Saved entries
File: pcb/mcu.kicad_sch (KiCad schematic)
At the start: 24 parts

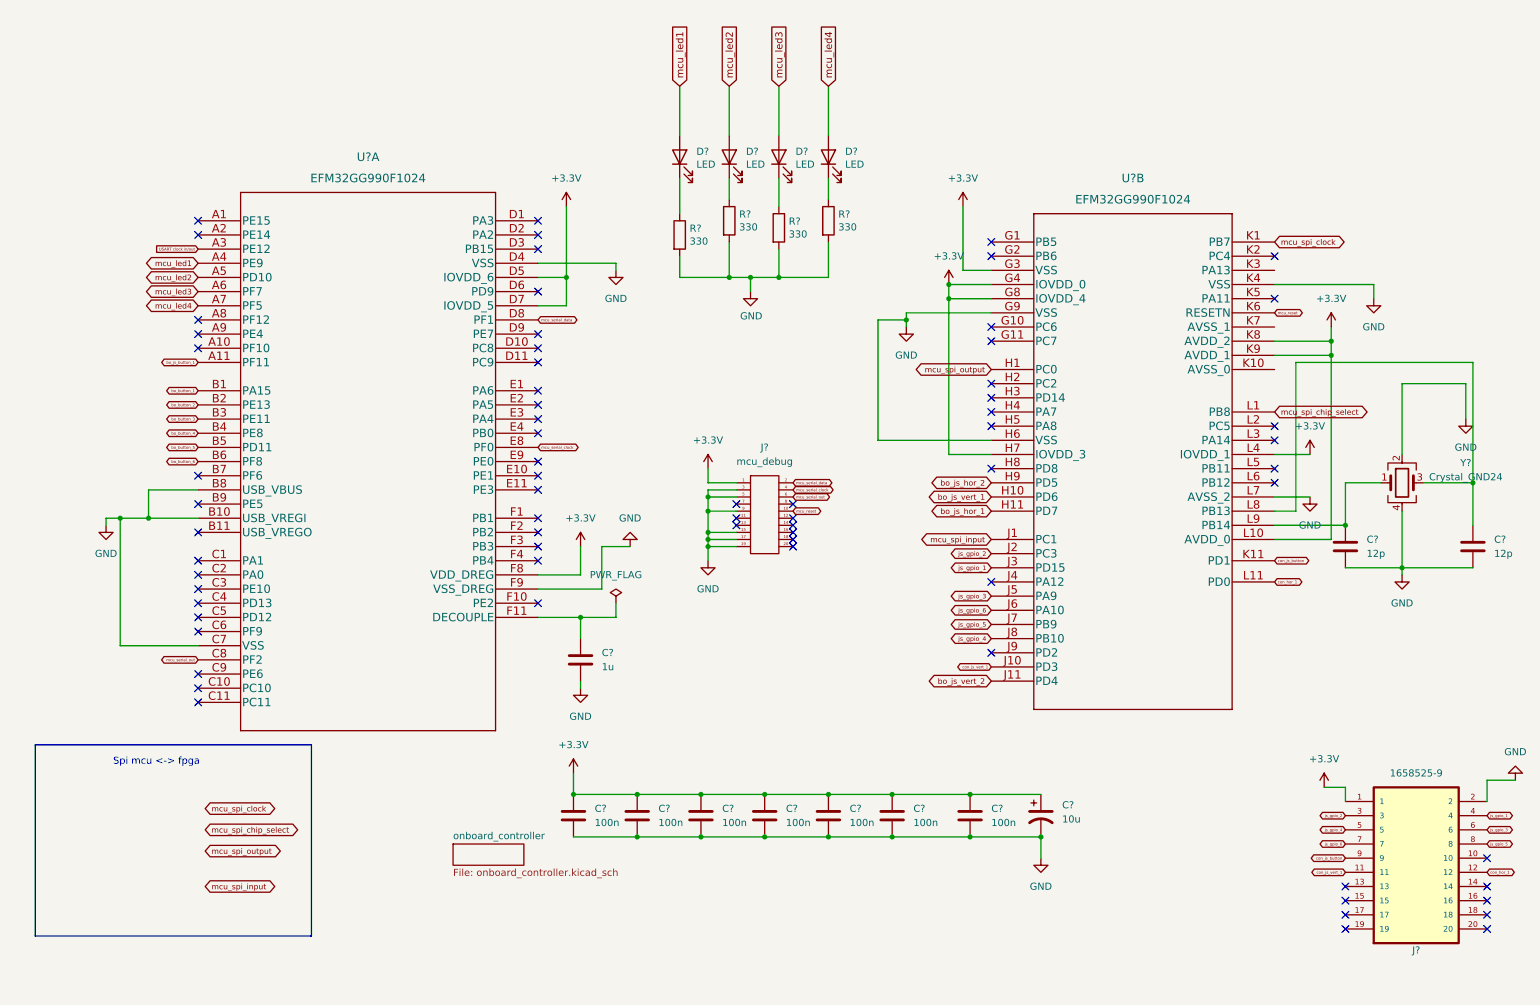
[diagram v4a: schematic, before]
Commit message: add capasitor values
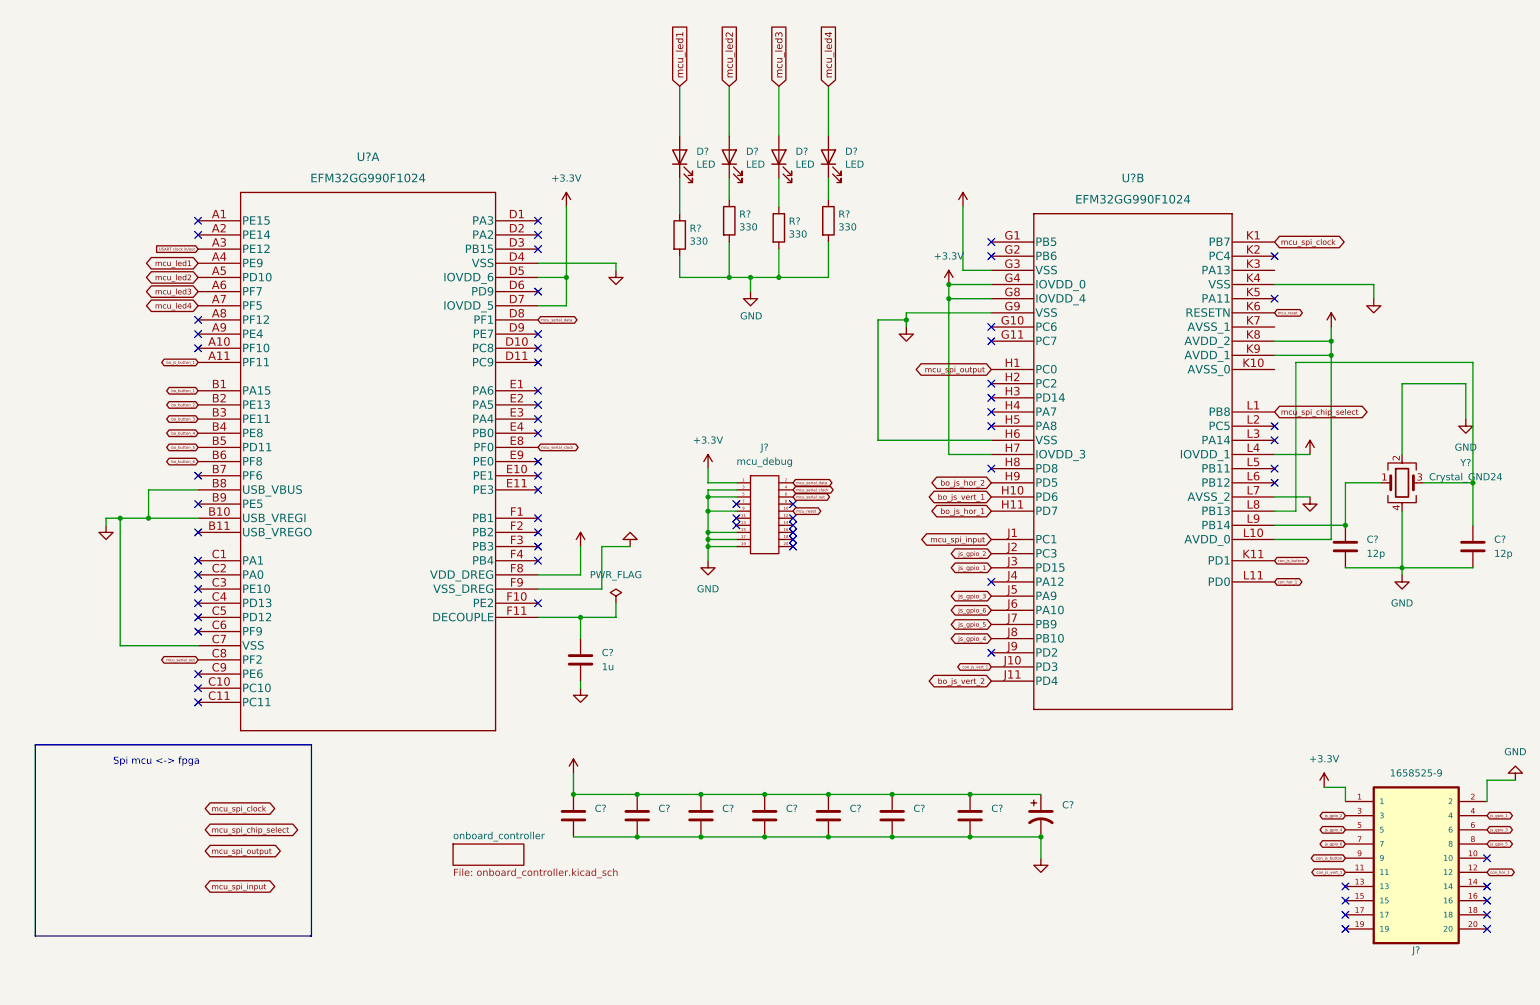
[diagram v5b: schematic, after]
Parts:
- C? (x7): value 100n -> (none)
- C?: value 10u -> (none)
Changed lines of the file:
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@@
       (effects (font (size 1.27 1.27)) hide)
     )
-    (property "Value" "+3.3V" (id 1) (at 111.76 142.24 0))
+    (property "Value" "" (id 1) (at 111.76 142.24 0))
     (property "Footprint" "" (id 2) (at 111.76 147.32 0)
       (effects (font (size 1.27 1.27)) hide)
@@
       (effects (font (size 1.27 1.27)) (justify left))
     )
-    (property "Value" "100n" (id 1) (at 172.72 156.2099 0)
+    (property "Value" "" (id 1) (at 172.72 156.2099 0)
       (effects (font (size 1.27 1.27)) (justify left))
     )
@@
       (effects (font (size 1.27 1.27)) hide)
     )
-    (property "Value" "GND" (id 1) (at 171.45 72.39 0))
+    (property "Value" "" (id 1) (at 171.45 72.39 0))
     (property "Footprint" "" (id 2) (at 171.45 67.31 0)
       (effects (font (size 1.27 1.27)) hide)
@@
       (effects (font (size 1.27 1.27)) hide)
     )
-    (property "Value" "+3.3V" (id 1) (at 243.84 85.09 0))
+    (property "Value" "" (id 1) (at 243.84 85.09 0))
     (property "Footprint" "" (id 2) (at 243.84 90.17 0)
       (effects (font (size 1.27 1.27)) hide)
@@
       (effects (font (size 1.27 1.27)) hide)
     )
-    (property "Value" "GND" (id 1) (at 27.94 107.95 0))
+    (property "Value" "" (id 1) (at 27.94 107.95 0))
     (property "Footprint" "" (id 2) (at 27.94 102.87 0)
       (effects (font (size 1.27 1.27)) hide)
@@
       (effects (font (size 1.27 1.27)) hide)
     )
-    (property "Value" "GND" (id 1) (at 243.84 102.87 0))
+    (property "Value" "" (id 1) (at 243.84 102.87 0))
     (property "Footprint" "" (id 2) (at 243.84 97.79 0)
       (effects (font (size 1.27 1.27)) hide)
@@
       (effects (font (size 1.27 1.27)) (justify left))
     )
-    (property "Value" "100n" (id 1) (at 161.29 156.2099 0)
+    (property "Value" "" (id 1) (at 161.29 156.2099 0)
       (effects (font (size 1.27 1.27)) (justify left))
     )
@@
       (effects (font (size 1.27 1.27)) hide)
     )
-    (property "Value" "GND" (id 1) (at 195.58 167.64 0))
+    (property "Value" "" (id 1) (at 195.58 167.64 0))
     (property "Footprint" "" (id 2) (at 195.58 162.56 0)
       (effects (font (size 1.27 1.27)) hide)
@@
       (effects (font (size 1.27 1.27)) hide)
     )
-    (property "Value" "GND" (id 1) (at 121.92 101.6 0))
+    (property "Value" "" (id 1) (at 121.92 101.6 0))
     (property "Footprint" "" (id 2) (at 121.92 106.68 0)
       (effects (font (size 1.27 1.27)) hide)
@@
       (effects (font (size 1.27 1.27)) hide)
     )
-    (property "Value" "GND" (id 1) (at 113.03 137.16 0))
+    (property "Value" "" (id 1) (at 113.03 137.16 0))
     (property "Footprint" "" (id 2) (at 113.03 132.08 0)
       (effects (font (size 1.27 1.27)) hide)
@@
       (effects (font (size 1.27 1.27)) hide)
     )
-    (property "Value" "+3.3V" (id 1) (at 247.65 62.23 0))
+    (property "Value" "" (id 1) (at 247.65 62.23 0))
     (property "Footprint" "" (id 2) (at 247.65 67.31 0)
       (effects (font (size 1.27 1.27)) hide)
@@
       (effects (font (size 1.27 1.27)) hide)
     )
-    (property "Value" "GND" (id 1) (at 255.27 67.31 0))
+    (property "Value" "" (id 1) (at 255.27 67.31 0))
     (property "Footprint" "" (id 2) (at 255.27 62.23 0)
       (effects (font (size 1.27 1.27)) hide)
@@
       (effects (font (size 1.27 1.27)) hide)
     )
-    (property "Value" "+3.3V" (id 1) (at 181.61 40.64 0))
+    (property "Value" "" (id 1) (at 181.61 40.64 0))
     (property "Footprint" "" (id 2) (at 181.61 45.72 0)
       (effects (font (size 1.27 1.27)) hide)
@@
       (effects (font (size 1.27 1.27)) hide)
     )
-    (property "Value" "GND" (id 1) (at 119.38 62.23 0))
+    (property "Value" "" (id 1) (at 119.38 62.23 0))
     (property "Footprint" "" (id 2) (at 119.38 57.15 0)
       (effects (font (size 1.27 1.27)) hide)
@@
       (effects (font (size 1.27 1.27)) hide)
     )
-    (property "Value" "+3.3V" (id 1) (at 113.03 101.6 0))
+    (property "Value" "" (id 1) (at 113.03 101.6 0))
     (property "Footprint" "" (id 2) (at 113.03 106.68 0)
       (effects (font (size 1.27 1.27)) hide)
@@
       (effects (font (size 1.27 1.27)) (justify left))
     )
-    (property "Value" "100n" (id 1) (at 138.43 156.2099 0)
+    (property "Value" "" (id 1) (at 138.43 156.2099 0)
       (effects (font (size 1.27 1.27)) (justify left))
     )
@@
       (effects (font (size 1.27 1.27)) (justify left))
     )
-    (property "Value" "100n" (id 1) (at 149.86 156.2099 0)
+    (property "Value" "" (id 1) (at 149.86 156.2099 0)
       (effects (font (size 1.27 1.27)) (justify left))
     )
@@
       (effects (font (size 1.27 1.27)) (justify left))
     )
-    (property "Value" "10u" (id 1) (at 199.39 155.5749 0)
+    (property "Value" "" (id 1) (at 199.39 155.5749 0)
       (effects (font (size 1.27 1.27)) (justify left))
     )
@@
       (effects (font (size 1.27 1.27)) (justify left))
     )
-    (property "Value" "100n" (id 1) (at 186.69 156.2099 0)
+    (property "Value" "" (id 1) (at 186.69 156.2099 0)
       (effects (font (size 1.27 1.27)) (justify left))
     )
@@
       (effects (font (size 1.27 1.27)) (justify left))
     )
-    (property "Value" "100n" (id 1) (at 127 156.2099 0)
+    (property "Value" "" (id 1) (at 127 156.2099 0)
       (effects (font (size 1.27 1.27)) (justify left))
     )
@@
       (effects (font (size 1.27 1.27)) (justify left))
     )
-    (property "Value" "100n" (id 1) (at 115.57 156.2099 0)
-      (effects (font (size 1.27 1.27)) (justify left))
-    )
+    (property "Value" "" (id 1) (at 115.57 156.2099 0)
+      (effects (font (size 1.27 1.27)) (justify left))
+    )

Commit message: add capasitro values again
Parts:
- C? (x8): value (none) -> ~
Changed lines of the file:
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@@
       (effects (font (size 1.27 1.27)) hide)
     )
-    (property "Value" "" (id 1) (at 111.76 142.24 0))
+    (property "Value" "~" (id 1) (at 111.76 142.24 0))
     (property "Footprint" "" (id 2) (at 111.76 147.32 0)
       (effects (font (size 1.27 1.27)) hide)
@@
       (effects (font (size 1.27 1.27)) (justify left))
     )
-    (property "Value" "" (id 1) (at 172.72 156.2099 0)
+    (property "Value" "~" (id 1) (at 172.72 156.2099 0)
       (effects (font (size 1.27 1.27)) (justify left))
     )
@@
       (effects (font (size 1.27 1.27)) hide)
     )
-    (property "Value" "" (id 1) (at 171.45 72.39 0))
+    (property "Value" "~" (id 1) (at 171.45 72.39 0))
     (property "Footprint" "" (id 2) (at 171.45 67.31 0)
       (effects (font (size 1.27 1.27)) hide)
@@
       (effects (font (size 1.27 1.27)) hide)
     )
-    (property "Value" "" (id 1) (at 243.84 85.09 0))
+    (property "Value" "~" (id 1) (at 243.84 85.09 0))
     (property "Footprint" "" (id 2) (at 243.84 90.17 0)
       (effects (font (size 1.27 1.27)) hide)
@@
       (effects (font (size 1.27 1.27)) hide)
     )
-    (property "Value" "" (id 1) (at 27.94 107.95 0))
+    (property "Value" "~" (id 1) (at 27.94 107.95 0))
     (property "Footprint" "" (id 2) (at 27.94 102.87 0)
       (effects (font (size 1.27 1.27)) hide)
@@
       (effects (font (size 1.27 1.27)) hide)
     )
-    (property "Value" "" (id 1) (at 243.84 102.87 0))
+    (property "Value" "~" (id 1) (at 243.84 102.87 0))
     (property "Footprint" "" (id 2) (at 243.84 97.79 0)
       (effects (font (size 1.27 1.27)) hide)
@@
       (effects (font (size 1.27 1.27)) (justify left))
     )
-    (property "Value" "" (id 1) (at 161.29 156.2099 0)
+    (property "Value" "~" (id 1) (at 161.29 156.2099 0)
       (effects (font (size 1.27 1.27)) (justify left))
     )
@@
       (effects (font (size 1.27 1.27)) hide)
     )
-    (property "Value" "" (id 1) (at 195.58 167.64 0))
+    (property "Value" "~" (id 1) (at 195.58 167.64 0))
     (property "Footprint" "" (id 2) (at 195.58 162.56 0)
       (effects (font (size 1.27 1.27)) hide)
@@
       (effects (font (size 1.27 1.27)) hide)
     )
-    (property "Value" "" (id 1) (at 121.92 101.6 0))
+    (property "Value" "~" (id 1) (at 121.92 101.6 0))
     (property "Footprint" "" (id 2) (at 121.92 106.68 0)
       (effects (font (size 1.27 1.27)) hide)
@@
       (effects (font (size 1.27 1.27)) hide)
     )
-    (property "Value" "" (id 1) (at 113.03 137.16 0))
+    (property "Value" "~" (id 1) (at 113.03 137.16 0))
     (property "Footprint" "" (id 2) (at 113.03 132.08 0)
       (effects (font (size 1.27 1.27)) hide)
@@
       (effects (font (size 1.27 1.27)) hide)
     )
-    (property "Value" "" (id 1) (at 247.65 62.23 0))
+    (property "Value" "~" (id 1) (at 247.65 62.23 0))
     (property "Footprint" "" (id 2) (at 247.65 67.31 0)
       (effects (font (size 1.27 1.27)) hide)
@@
       (effects (font (size 1.27 1.27)) hide)
     )
-    (property "Value" "" (id 1) (at 255.27 67.31 0))
+    (property "Value" "~" (id 1) (at 255.27 67.31 0))
     (property "Footprint" "" (id 2) (at 255.27 62.23 0)
       (effects (font (size 1.27 1.27)) hide)
@@
       (effects (font (size 1.27 1.27)) hide)
     )
-    (property "Value" "" (id 1) (at 181.61 40.64 0))
+    (property "Value" "~" (id 1) (at 181.61 40.64 0))
     (property "Footprint" "" (id 2) (at 181.61 45.72 0)
       (effects (font (size 1.27 1.27)) hide)
@@
       (effects (font (size 1.27 1.27)) hide)
     )
-    (property "Value" "" (id 1) (at 119.38 62.23 0))
+    (property "Value" "~" (id 1) (at 119.38 62.23 0))
     (property "Footprint" "" (id 2) (at 119.38 57.15 0)
       (effects (font (size 1.27 1.27)) hide)
@@
       (effects (font (size 1.27 1.27)) hide)
     )
-    (property "Value" "" (id 1) (at 113.03 101.6 0))
+    (property "Value" "~" (id 1) (at 113.03 101.6 0))
     (property "Footprint" "" (id 2) (at 113.03 106.68 0)
       (effects (font (size 1.27 1.27)) hide)
@@
       (effects (font (size 1.27 1.27)) (justify left))
     )
-    (property "Value" "" (id 1) (at 138.43 156.2099 0)
+    (property "Value" "~" (id 1) (at 138.43 156.2099 0)
       (effects (font (size 1.27 1.27)) (justify left))
     )
@@
       (effects (font (size 1.27 1.27)) (justify left))
     )
-    (property "Value" "" (id 1) (at 149.86 156.2099 0)
+    (property "Value" "~" (id 1) (at 149.86 156.2099 0)
       (effects (font (size 1.27 1.27)) (justify left))
     )
@@
       (effects (font (size 1.27 1.27)) (justify left))
     )
-    (property "Value" "" (id 1) (at 199.39 155.5749 0)
+    (property "Value" "~" (id 1) (at 199.39 155.5749 0)
       (effects (font (size 1.27 1.27)) (justify left))
     )
@@
       (effects (font (size 1.27 1.27)) (justify left))
     )
-    (property "Value" "" (id 1) (at 186.69 156.2099 0)
+    (property "Value" "~" (id 1) (at 186.69 156.2099 0)
       (effects (font (size 1.27 1.27)) (justify left))
     )
@@
       (effects (font (size 1.27 1.27)) (justify left))
     )
-    (property "Value" "" (id 1) (at 127 156.2099 0)
+    (property "Value" "~" (id 1) (at 127 156.2099 0)
       (effects (font (size 1.27 1.27)) (justify left))
     )
@@
       (effects (font (size 1.27 1.27)) (justify left))
     )
-    (property "Value" "" (id 1) (at 115.57 156.2099 0)
-      (effects (font (size 1.27 1.27)) (justify left))
-    )
+    (property "Value" "~" (id 1) (at 115.57 156.2099 0)
+      (effects (font (size 1.27 1.27)) (justify left))
+    )

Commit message: add missing values again
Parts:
- removed C? (x7): ~, symbol Device:C
- added C? (x7): 100n, symbol Device:C
- C?: value ~ -> 10u
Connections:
- net +3.3V: now also C?.1, C?.1, C?.1, C?.1, C?.1, C?.1, C?.1
- net GND: now also C?.2, C?.2, C?.2, C?.2, C?.2, C?.2, C?.2

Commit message: maybe finished schematic
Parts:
- removed C? (x2): 12p, symbol Device:C
- removed D? (x4): LED, LED_SMD:LED_1206_3216Metric_Pad1.42x1.75mm_HandSolder, symbol Device:LED
- removed J?: mcu_debug, symbol datamaskin:mcu_debug
- removed R? (x4): 330, Resistor_SMD:R_2512_6332Metric_Pad1.40x3.35mm_HandSolder, symbol Device:R
- removed Y?: Crystal_GND24, symbol Device:Crystal_GND24
- added C? (x2): 12p, symbol Device:C
- added Y?: Crystal_GND24, symbol Device:Crystal_GND24
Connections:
- net GND: now also U?.K10 (AVSS_0), C?.2, C?.2, Y?.2, Y?.4
- net bo_button_2: now also U?.B3 (PE11); no longer U?.B2 (PE13)
- net bo_button_3: now also U?.B4 (PE8); no longer U?.B3 (PE11)
- net bo_button_4: now also U?.B5 (PD11); no longer U?.B4 (PE8)
- net bo_button_5: now also U?.B6 (PF8); no longer U?.B5 (PD11)
- net bo_button_6: now also U?.B7 (PF6); no longer U?.B6 (PF8)
- net at U?.L8 (PB13): now also C?.1, Y?.3
- net at U?.L9 (PB14): now also C?.1, Y?.1
- net MCU_SD_US0_MOSI: now reaches U?.C10 (PC10)
- net MCU_SD_US0_MISO: now reaches U?.C11 (PC11)
- net SD_CARD_DETECT: now reaches U?.C9 (PE6)
- net FPGA_MCU_EXTRA1: now reaches U?.D1 (PA3)
- net FPGA_MCU_EXTRA2: now reaches U?.D2 (PA2)
- net PROGRAM_B: now reaches U?.E1 (PA6)
- net DONE: now reaches U?.E2 (PA5)
- net USART clock in/out renamed MCU_SD_US0_CLK
- net mcu_serial_clock renamed mcu_debug_serial_clock
- net mcu_serial_data renamed mcu_debug_serial_data
- net mcu_serial_out renamed mcu_debug_serial_out
- net mcu_spi_chip_select renamed MCU_FPGA_US1_CS
- net mcu_spi_clock renamed MCU_FPGA_US1_CLK
- net mcu_spi_input renamed MCU_FPGA_US1_MISO
- net mcu_spi_output renamed MCU_FPGA_US1_MOSI
- new net MCU_SD_US0_CS: U?.B2 (PE13)
- no-connect marks 71 -> 55
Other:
- added sheet MCU_DEBUG (MCU_DEBUG.kicad_sch)
- added sheet MCU_DEBUG_LEDS (MCU_DEBUG_LEDS.kicad_sch)
- added sheet sd (sd.kicad_sch)
- note added: "Controler headers"
- note removed: "Spi mcu <-> fpga"
- moved on the sheet: C?, J?, U?A, U?B

**WORK TO COMPLETE**
Report back each line of the entries that holds the string "reaches".

**OUTPUT OF THE EXERCISE**
- net MCU_SD_US0_MOSI: now reaches U?.C10 (PC10)
- net MCU_SD_US0_MISO: now reaches U?.C11 (PC11)
- net SD_CARD_DETECT: now reaches U?.C9 (PE6)
- net FPGA_MCU_EXTRA1: now reaches U?.D1 (PA3)
- net FPGA_MCU_EXTRA2: now reaches U?.D2 (PA2)
- net PROGRAM_B: now reaches U?.E1 (PA6)
- net DONE: now reaches U?.E2 (PA5)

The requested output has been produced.